**Activity**
Starting at the line below holding "(18.7, 7.625, -20.25)" and stopping at the line holding "(0, 35, 8.75)", print every line exactly, both ends included, and leave the rest out.

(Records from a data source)
_____
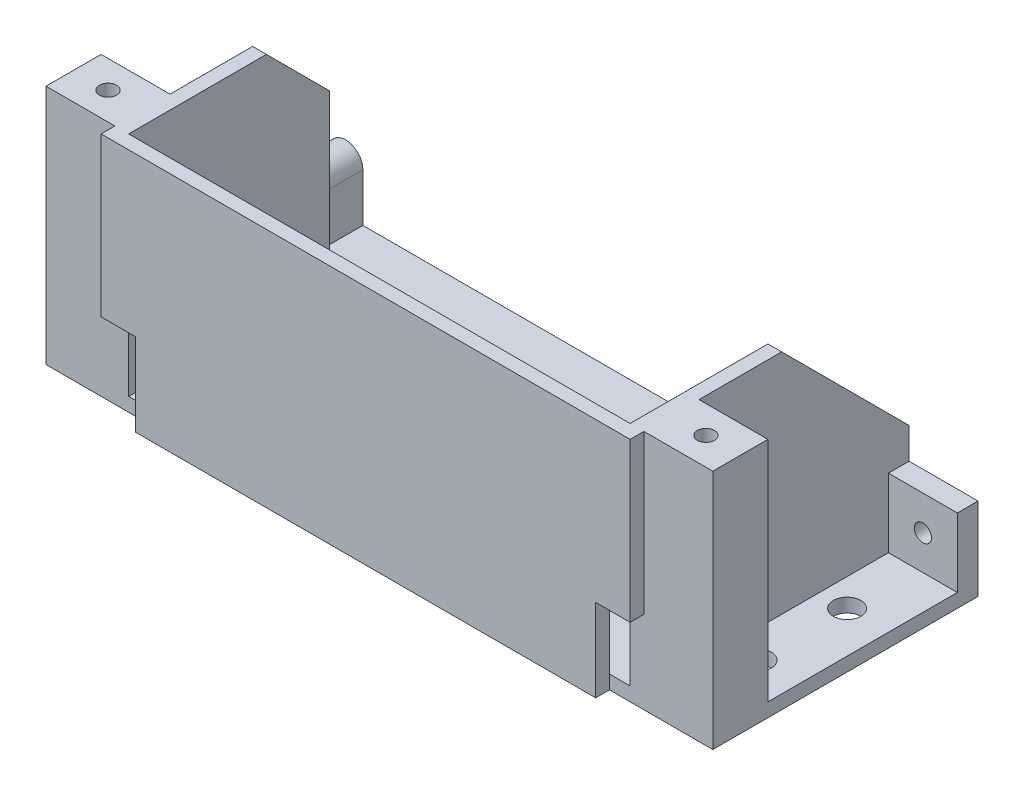
SolidWorks part; units mm, degrees
ref_plane "Alzado" through (0, 0, 0) normal (0, 0, 1) x (1, 0, 0)
ref_plane "Planta" through (0, 0, 0) normal (0, 1, 0) x (1, 0, 0)
ref_plane "Vista lateral" through (0, 0, 0) normal (1, 0, 0) x (0, 0, -1)
sketch "Croquis1" plane through (0, 0, 0) normal (0, 1, 0) x (1, 0, 0)
  line L1 (-48.4, 20.25) -> (48.4, 20.25)
  line L2 (-48.4, 20.25) -> (-48.4, -20.25)
  line L3 (-48.4, -20.25) -> (48.4, -20.25)
  line L4 (48.4, 20.25) -> (48.4, -20.25)
  line L5 (-48.4, 20.25) -> (48.4, -20.25) construction
  line L6 (-48.4, -20.25) -> (48.4, 20.25) construction
  point P0 (0, 0)
  dimension "D1" = 40.5
  dimension "D2" = 96.8
extrude "Saliente-Extruir1" add sketch "Croquis1" along normal blind 2
sketch "Croquis2" plane through (0, 2, 0) normal (0, 1, 0) x (1, 0, 0)
  line L0 (0, -20.25) -> (0, -10.7277) construction
  line L1 (-48.4, -20.25) -> (-33.4, -20.25)
  line L2 (-48.4, -20.25) -> (-48.4, -18.25)
  line L3 (-48.4, -18.25) -> (-33.4, -18.25)
  line L4 (-33.4, -20.25) -> (-33.4, -18.25)
  line L5 (-48.4, -20.25) -> (48.4, -20.25) construction
  line L6 (33.4, -20.25) -> (33.4, -18.25)
  line L7 (48.4, -18.25) -> (33.4, -18.25)
  line L8 (48.4, -20.25) -> (48.4, -18.25)
  line L9 (48.4, -20.25) -> (33.4, -20.25)
  dimension "D1" = 2
  dimension "D2" = 15
sketch "Croquis4" plane through (0, 2, 0) normal (0, 1, 0) x (1, 0, 0)
  line L0 (-48.4, -20.25) -> (48.4, -20.25) construction
  line L1 (-38.4, 20.25) -> (38.4, 20.25)
  line L2 (-38.4, 20.25) -> (-38.4, -20.25)
  line L3 (-38.4, -20.25) -> (38.4, -20.25)
  line L4 (38.4, 20.25) -> (38.4, -20.25)
  line L5 (-38.4, 20.25) -> (38.4, -20.25) construction
  line L6 (-38.4, -20.25) -> (38.4, 20.25) construction
  line L7 (48.4, -20.25) -> (48.4, 20.25) construction
  line L8 (-36.4, 18.25) -> (36.4, 18.25)
  line L9 (-36.4, 18.25) -> (-36.4, -18.25)
  line L10 (-36.4, -18.25) -> (36.4, -18.25)
  line L11 (36.4, 18.25) -> (36.4, -18.25)
  line L12 (-36.4, 18.25) -> (36.4, -18.25) construction
  line L13 (-36.4, -18.25) -> (36.4, 18.25) construction
  point P0 (0, 0)
  point P8 (0, 0)
  dimension "D1" = 10
  dimension "D2" = 2
  dimension "D3" = 2
extrude "Saliente-Extruir6" add sketch "Croquis4" along normal blind 33
extrude "Cortar-Extruir2" cut sketch "Croquis2" against normal blind 12 from offset 10
sketch "Croquis5" plane through (38.4, 0, 0) normal (1, 0, 0) x (0, 0, -1)
  line L0 (1.75, 35) -> (20.25, 16.5)
  line L1 (-20.25, 35) -> (20.25, 35) construction
  line L2 (20.25, 35) -> (20.25, 2) construction
  line L3 (-20.25, 35) -> (-20.25, 12) construction
  line L4 (1.75, 35) -> (20.25, 35)
  line L5 (20.25, 35) -> (20.25, 16.5)
  dimension "D1" = 22
  dimension "D2" = 45
sketch "Croquis6" plane through (0, 35, 0) normal (0, 1, 0) x (1, 0, 0)
  line L0 (36.4, 18.25) -> (-36.4, 18.25)
  line L1 (-36.4, 18.25) -> (-36.4, 10.9097)
  line L2 (-36.4, 18.25) -> (-36.4, -18.25) construction
  line L3 (-36.4, 10.9097) -> (-38.4, 10.9097)
  line L4 (-38.4, 20.25) -> (-38.4, -18.25) construction
  line L5 (-38.4, 10.9097) -> (-38.4, 20.25)
  line L6 (-38.4, 20.25) -> (36.4, 20.25)
  line L7 (38.4, 20.25) -> (-38.4, 20.25) construction
  line L8 (36.4, 20.25) -> (36.4, 18.25)
extrude "Cortar-Extruir4" cut sketch "Croquis6" against normal up to surface (33 mm away) up to face at (43.4, 2, -1)
extrude "Cortar-Extruir5" cut sketch "Croquis5" against normal through all
sketch "Croquis7" plane through (0, 2, 0) normal (0, 1, 0) x (1, 0, 0)
  line L0 (48.4, -18.25) -> (48.4, 20.25) construction
  line L1 (-48.4, 20.25) -> (-48.4, -18.25) construction
  line L2 (48.4, 20.25) -> (38.4, 20.25) construction
  line L3 (36.4, 20.25) -> (-48.4, 20.25) construction
  circle A0 centre (42.4, 7.25) radius 2
  circle A1 centre (42.4, -5.75) radius 2
  circle A2 centre (-42.9, 5.25) radius 2
  circle A3 centre (-42.9, -7.75) radius 2
  point P14 (0, 0)
  point P15 (0, 0)
  dimension "D1" = 4
  dimension "D2" = 6
  dimension "D3" = 5.5
  dimension "D4" = 13
  dimension "D5" = 26
  dimension "D6" = 15
  dimension "D7" = 28
extrude "Cortar-Extruir6" cut sketch "Croquis7" against normal blind 12
sketch "Croquis8" plane through (0, 2, 0) normal (0, 1, 0) x (1, 0, 0)
  line L0 (38.4, -18.25) -> (38.4, 20.25) construction
  line L1 (48.4, 20.25) -> (38.4, 20.25)
  line L2 (48.4, 20.25) -> (48.4, 17.25)
  line L3 (48.4, 17.25) -> (38.4, 17.25)
  line L4 (38.4, 20.25) -> (38.4, 17.25)
  line L5 (-48.4, 20.25) -> (-48.4, -18.25) construction
  line L6 (-38.4, 10.9097) -> (-48.4, 10.9097)
  line L7 (-38.4, 10.9097) -> (-38.4, 7.9097)
  line L8 (-38.4, 7.9097) -> (-48.4, 7.9097)
  line L9 (-48.4, 10.9097) -> (-48.4, 7.9097)
  dimension "D1" = 3
  dimension "D2" = 3
extrude "Saliente-Extruir7" add sketch "Croquis8" along normal blind 10
sketch "Croquis13" plane through (0, 0, -10.9097) normal (0, 0, -1) x (-1, 0, 0)
  line L0 (36.4, 2) -> (48.4, 2) construction
  line L1 (45.9, 2) -> (40.9, 2)
  line L2 (45.9, 2) -> (45.9, 9)
  line L4 (40.9, 2) -> (40.9, 9)
  line L5 (48.4, 12) -> (48.4, 2) construction
  arc A0 (45.9, 9) -> (40.9, 9) centre (43.4, 9) ccw
  point P8 (0, 0)
  dimension "D1" = 2.5
  dimension "D3" = 5
extrude "Saliente-Extruir9" add sketch "Croquis13" along normal up to surface (9.3403 mm away) up to face at (18.7, 7.625, -20.25)
sketch "Croquis9" plane through (0, 2, 0) normal (0, 1, 0) x (1, 0, 0)
  line L0 (-48.4, 7.9097) -> (-48.4, -18.25) construction
  line L1 (-38.4, -18.25) -> (-48.4, -18.25)
  line L2 (-38.4, -18.25) -> (-38.4, -10.25)
  line L3 (-38.4, -10.25) -> (-48.4, -10.25)
  line L4 (-48.4, -18.25) -> (-48.4, -10.25)
  line L5 (0, 0) -> (0, -33.2635) construction
  line L6 (48.4, -18.25) -> (48.4, -10.25)
  line L7 (38.4, -10.25) -> (48.4, -10.25)
  line L8 (38.4, -18.25) -> (38.4, -10.25)
  line L9 (38.4, -18.25) -> (48.4, -18.25)
  dimension "D1" = 8
extrude "Saliente-Extruir8" add sketch "Croquis9" along normal up to surface (33 mm away) up to face at (0, 35, 8.75)
sketch "Croquis10" plane through (0, 35, 0) normal (0, 1, 0) x (1, 0, 0)
  line L0 (-48.4, -10.25) -> (-38.4, -18.25) construction
  line L1 (-38.4, -18.25) -> (-48.4, -18.25) construction
  line L2 (-48.4, -18.25) -> (-38.4, -10.25) construction
  line L3 (-38.4, -10.25) -> (38.4, -10.25) construction
  line L4 (38.4, -10.25) -> (48.4, -18.25) construction
  line L5 (48.4, -18.25) -> (38.4, -18.25) construction
  line L6 (38.4, -18.25) -> (48.4, -10.25) construction
  circle A0 centre (-43.4, -14.25) radius 1.25
  circle A1 centre (43.4, -14.25) radius 1.25
  dimension "D1" = 2.5
  dimension "D2" = 2.5
extrude "Cortar-Extruir7" cut sketch "Croquis10" against normal blind 10
sketch "Croquis11" plane through (0, 0, -20.25) normal (0, 0, -1) x (-1, 0, 0)
  line L0 (0, 0) -> (0, 40.2674) construction
  line L1 (-48.4, 12) -> (-38.4, 12) construction
  line L2 (-48.4, 12) -> (-48.4, 0) construction
  circle A0 centre (-43.4, 7) radius 1.25
  circle A1 centre (43.4, 7) radius 1.25
  dimension "D1" = 2.5
  dimension "D2" = 5
  dimension "D3" = 5
extrude "Cortar-Extruir8" cut sketch "Croquis11" against normal up to surface (12.3403 mm away) up to face at (-43.4, 7, -7.9097)
_____
**Response to this task**
extrude "Saliente-Extruir9" add sketch "Croquis13" along normal up to surface (9.3403 mm away) up to face at (18.7, 7.625, -20.25)
sketch "Croquis9" plane through (0, 2, 0) normal (0, 1, 0) x (1, 0, 0)
  line L0 (-48.4, 7.9097) -> (-48.4, -18.25) construction
  line L1 (-38.4, -18.25) -> (-48.4, -18.25)
  line L2 (-38.4, -18.25) -> (-38.4, -10.25)
  line L3 (-38.4, -10.25) -> (-48.4, -10.25)
  line L4 (-48.4, -18.25) -> (-48.4, -10.25)
  line L5 (0, 0) -> (0, -33.2635) construction
  line L6 (48.4, -18.25) -> (48.4, -10.25)
  line L7 (38.4, -10.25) -> (48.4, -10.25)
  line L8 (38.4, -18.25) -> (38.4, -10.25)
  line L9 (38.4, -18.25) -> (48.4, -18.25)
  dimension "D1" = 8
extrude "Saliente-Extruir8" add sketch "Croquis9" along normal up to surface (33 mm away) up to face at (0, 35, 8.75)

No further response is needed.